If I didn’t get help quick, I would be forced to use one of these…
- Could I get some lumberjack lessons? I’ve been told I work well with wood.
- I’ve got a bush you can trim.
- Is that a log in your pants or are you just happy to see me?
- Hey baby, I’ve got something you can drive your axe into.
- Can I wax your axe?
- Can I play with your saw?
You can see from the above list that my situation was desperate.
The plan was, I would go to the fair ground with guy pal S. I would look hot, we would watch the show and I would flirt like mad from afar again.
Here’s the lame ass story…
I went to the fair twice more and watched the lumberjack show three more times.
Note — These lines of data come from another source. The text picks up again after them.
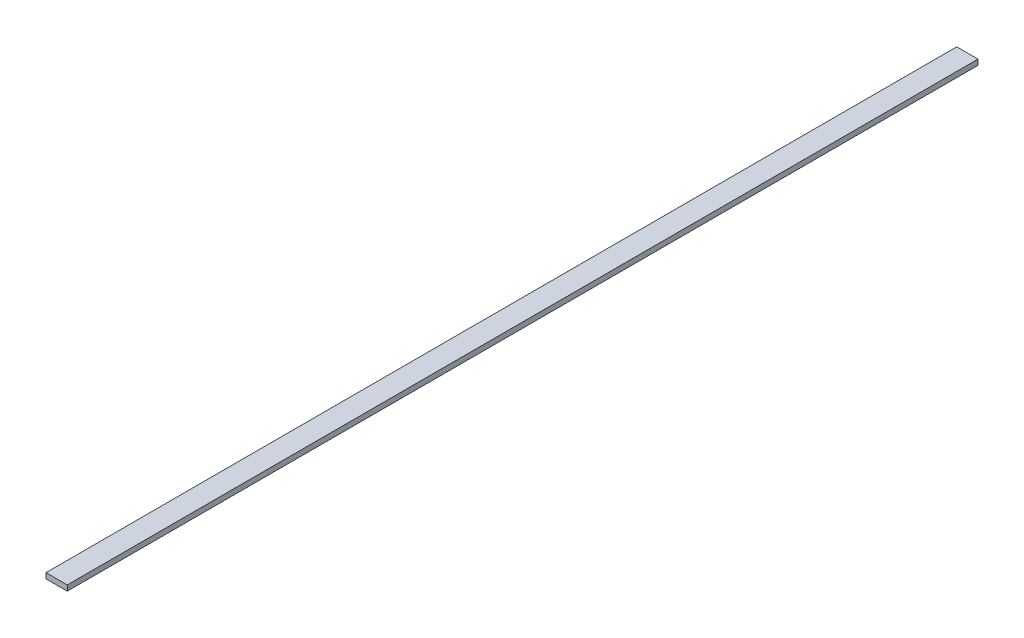
ISO-10303-21;
HEADER;
FILE_DESCRIPTION(('STEP AP214'),'2;1');
FILE_NAME('part.step','',(''),(''),'','','');
FILE_SCHEMA(('AUTOMOTIVE_DESIGN { 1 0 10303 214 1 1 1 1 }'));
ENDSEC;
DATA;
#1=APPLICATION_CONTEXT('core data for automotive mechanical design processes');
#2=APPLICATION_PROTOCOL_DEFINITION('international standard','automotive_design',2000,#1);
#3=PRODUCT_CONTEXT('',#1,'mechanical');
#4=PRODUCT('Part','Part','',(#3));
#5=PRODUCT_RELATED_PRODUCT_CATEGORY('part','',(#4));
#6=PRODUCT_DEFINITION_FORMATION('','',#4);
#7=PRODUCT_DEFINITION_CONTEXT('part definition',#1,'design');
#8=PRODUCT_DEFINITION('design','',#6,#7);
#9=PRODUCT_DEFINITION_SHAPE('','',#8);
#10=(LENGTH_UNIT() NAMED_UNIT(*) SI_UNIT(.MILLI.,.METRE.));
#11=(NAMED_UNIT(*) PLANE_ANGLE_UNIT() SI_UNIT($,.RADIAN.));
#12=(NAMED_UNIT(*) SI_UNIT($,.STERADIAN.) SOLID_ANGLE_UNIT());
#13=UNCERTAINTY_MEASURE_WITH_UNIT(LENGTH_MEASURE(1.E-05),#10,'distance_accuracy_value','');
#14=(GEOMETRIC_REPRESENTATION_CONTEXT(3) GLOBAL_UNCERTAINTY_ASSIGNED_CONTEXT((#13)) GLOBAL_UNIT_ASSIGNED_CONTEXT((#10,
#11,#12)) REPRESENTATION_CONTEXT('',''));
#15=CARTESIAN_POINT('',(0.,0.,0.));
#16=DIRECTION('',(0.,0.,1.));
#17=DIRECTION('',(1.,0.,0.));
#18=AXIS2_PLACEMENT_3D('',#15,#16,#17);
#19=CARTESIAN_POINT('',(0.,0.,925.));
#20=DIRECTION('',(1.,0.,0.));
#21=DIRECTION('',(0.,0.,-1.));
#22=AXIS2_PLACEMENT_3D('',#19,#20,#21);
#23=PLANE('',#22);
#24=DIRECTION('',(0.,-1.,0.));
#25=VECTOR('',#24,1.);
#26=CARTESIAN_POINT('',(0.,0.,0.));
#27=LINE('',#26,#25);
#28=CARTESIAN_POINT('',(0.,5.5,0.));
#29=VERTEX_POINT('',#28);
#30=CARTESIAN_POINT('',(0.,0.,0.));
#31=VERTEX_POINT('',#30);
#32=EDGE_CURVE('E100',#29,#31,#27,.T.);
#33=ORIENTED_EDGE('',*,*,#32,.T.);
#34=DIRECTION('',(0.,0.,-1.));
#35=VECTOR('',#34,1.);
#36=CARTESIAN_POINT('',(0.,0.,925.));
#37=LINE('',#36,#35);
#38=CARTESIAN_POINT('',(0.,0.,925.));
#39=VERTEX_POINT('',#38);
#40=EDGE_CURVE('E11',#39,#31,#37,.T.);
#41=ORIENTED_EDGE('',*,*,#40,.F.);
#42=DIRECTION('',(0.,-1.,0.));
#43=VECTOR('',#42,1.);
#44=CARTESIAN_POINT('',(0.,0.,925.));
#45=LINE('',#44,#43);
#46=CARTESIAN_POINT('',(0.,5.5,925.));
#47=VERTEX_POINT('',#46);
#48=EDGE_CURVE('E88',#47,#39,#45,.T.);
#49=ORIENTED_EDGE('',*,*,#48,.F.);
#50=DIRECTION('',(0.,0.,-1.));
#51=VECTOR('',#50,1.);
#52=CARTESIAN_POINT('',(0.,5.5,925.));
#53=LINE('',#52,#51);
#54=EDGE_CURVE('E96',#47,#29,#53,.T.);
#55=ORIENTED_EDGE('',*,*,#54,.T.);
#56=EDGE_LOOP('',(#33,#41,#49,#55));
#57=FACE_BOUND('',#56,.T.);
#58=ADVANCED_FACE('F37',(#57),#23,.F.);
#59=CARTESIAN_POINT('',(0.,0.,925.));
#60=DIRECTION('',(0.,1.,0.));
#61=DIRECTION('',(0.,0.,1.));
#62=AXIS2_PLACEMENT_3D('',#59,#60,#61);
#63=PLANE('',#62);
#64=DIRECTION('',(1.,0.,0.));
#65=VECTOR('',#64,1.);
#66=CARTESIAN_POINT('',(0.,0.,0.));
#67=LINE('',#66,#65);
#68=CARTESIAN_POINT('',(21.6,0.,0.));
#69=VERTEX_POINT('',#68);
#70=EDGE_CURVE('E92',#31,#69,#67,.T.);
#71=ORIENTED_EDGE('',*,*,#70,.T.);
#72=DIRECTION('',(0.,0.,-1.));
#73=VECTOR('',#72,1.);
#74=CARTESIAN_POINT('',(21.6,0.,925.));
#75=LINE('',#74,#73);
#76=CARTESIAN_POINT('',(21.6,0.,925.));
#77=VERTEX_POINT('',#76);
#78=EDGE_CURVE('E45',#77,#69,#75,.T.);
#79=ORIENTED_EDGE('',*,*,#78,.F.);
#80=DIRECTION('',(1.,0.,0.));
#81=VECTOR('',#80,1.);
#82=CARTESIAN_POINT('',(0.,0.,925.));
#83=LINE('',#82,#81);
#84=EDGE_CURVE('E83',#39,#77,#83,.T.);
#85=ORIENTED_EDGE('',*,*,#84,.F.);
#86=ORIENTED_EDGE('',*,*,#40,.T.);
#87=EDGE_LOOP('',(#71,#79,#85,#86));
#88=FACE_BOUND('',#87,.T.);
#89=ADVANCED_FACE('F91',(#88),#63,.F.);
#90=CARTESIAN_POINT('',(21.6,0.,925.));
#91=DIRECTION('',(-1.,0.,0.));
#92=DIRECTION('',(0.,0.,1.));
#93=AXIS2_PLACEMENT_3D('',#90,#91,#92);
#94=PLANE('',#93);
#95=DIRECTION('',(0.,1.,0.));
#96=VECTOR('',#95,1.);
#97=CARTESIAN_POINT('',(21.6,0.,0.));
#98=LINE('',#97,#96);
#99=CARTESIAN_POINT('',(21.6,5.5,0.));
#100=VERTEX_POINT('',#99);
#101=EDGE_CURVE('E70',#69,#100,#98,.T.);
#102=ORIENTED_EDGE('',*,*,#101,.T.);
#103=DIRECTION('',(0.,0.,-1.));
#104=VECTOR('',#103,1.);
#105=CARTESIAN_POINT('',(21.6,5.5,925.));
#106=LINE('',#105,#104);
#107=CARTESIAN_POINT('',(21.6,5.5,925.));
#108=VERTEX_POINT('',#107);
#109=EDGE_CURVE('E93',#108,#100,#106,.T.);
#110=ORIENTED_EDGE('',*,*,#109,.F.);
#111=DIRECTION('',(0.,1.,0.));
#112=VECTOR('',#111,1.);
#113=CARTESIAN_POINT('',(21.6,0.,925.));
#114=LINE('',#113,#112);
#115=EDGE_CURVE('E86',#77,#108,#114,.T.);
#116=ORIENTED_EDGE('',*,*,#115,.F.);
#117=ORIENTED_EDGE('',*,*,#78,.T.);
#118=EDGE_LOOP('',(#102,#110,#116,#117));
#119=FACE_BOUND('',#118,.T.);
#120=ADVANCED_FACE('F94',(#119),#94,.F.);
#121=CARTESIAN_POINT('',(0.,5.5,925.));
#122=DIRECTION('',(0.,-1.,0.));
#123=DIRECTION('',(0.,0.,-1.));
#124=AXIS2_PLACEMENT_3D('',#121,#122,#123);
#125=PLANE('',#124);
#126=DIRECTION('',(-1.,0.,0.));
#127=VECTOR('',#126,1.);
#128=CARTESIAN_POINT('',(0.,5.5,0.));
#129=LINE('',#128,#127);
#130=EDGE_CURVE('E76',#100,#29,#129,.T.);
#131=ORIENTED_EDGE('',*,*,#130,.T.);
#132=ORIENTED_EDGE('',*,*,#54,.F.);
#133=DIRECTION('',(-1.,0.,0.));
#134=VECTOR('',#133,1.);
#135=CARTESIAN_POINT('',(0.,5.5,925.));
#136=LINE('',#135,#134);
#137=EDGE_CURVE('E53',#108,#47,#136,.T.);
#138=ORIENTED_EDGE('',*,*,#137,.F.);
#139=ORIENTED_EDGE('',*,*,#109,.T.);
#140=EDGE_LOOP('',(#131,#132,#138,#139));
#141=FACE_BOUND('',#140,.T.);
#142=ADVANCED_FACE('F107',(#141),#125,.F.);
#143=CARTESIAN_POINT('',(0.,0.,925.));
#144=DIRECTION('',(0.,0.,-1.));
#145=DIRECTION('',(-1.,0.,0.));
#146=AXIS2_PLACEMENT_3D('',#143,#144,#145);
#147=PLANE('',#146);
#148=ORIENTED_EDGE('',*,*,#48,.T.);
#149=ORIENTED_EDGE('',*,*,#84,.T.);
#150=ORIENTED_EDGE('',*,*,#115,.T.);
#151=ORIENTED_EDGE('',*,*,#137,.T.);
#152=EDGE_LOOP('',(#148,#149,#150,#151));
#153=FACE_BOUND('',#152,.T.);
#154=ADVANCED_FACE('F84',(#153),#147,.F.);
#155=CARTESIAN_POINT('',(0.,0.,0.));
#156=DIRECTION('',(0.,0.,-1.));
#157=DIRECTION('',(-1.,0.,0.));
#158=AXIS2_PLACEMENT_3D('',#155,#156,#157);
#159=PLANE('',#158);
#160=ORIENTED_EDGE('',*,*,#32,.F.);
#161=ORIENTED_EDGE('',*,*,#130,.F.);
#162=ORIENTED_EDGE('',*,*,#101,.F.);
#163=ORIENTED_EDGE('',*,*,#70,.F.);
#164=EDGE_LOOP('',(#160,#161,#162,#163));
#165=FACE_BOUND('',#164,.T.);
#166=ADVANCED_FACE('F110',(#165),#159,.T.);
#167=CLOSED_SHELL('',(#58,#89,#120,#142,#154,#166));
#168=MANIFOLD_SOLID_BREP('B2',#167);
#169=ADVANCED_BREP_SHAPE_REPRESENTATION('',(#18,#168),#14);
#170=SHAPE_DEFINITION_REPRESENTATION(#9,#169);
ENDSEC;
END-ISO-10303-21;

I was picked again to go up on stage so I had two little chairs and the world’s cutest lumberjack held my hand and looked right into my eyes.
I chickened out!
Just as I thought I would.
I feel like a huge loser for chickening out, being rejected would have been preferable. I’m not sure why it was so hard to go and talk to this lumberjack. I picked up the Irish rugby team or at least a couple of them. I picked up a bartender at a gay bar, he wasn’t gay but did have a girlfriend. A girlfriend and I went to Toronto on a bus with some band after their show, I think this was more the girlfriends doing than me though. Another girlfriend and I joined a stag night and ended up in a different town on their bus. I picked up this cute guy, then picked him up again a year later not remembering who he was. I had six dates with six strangers in two months.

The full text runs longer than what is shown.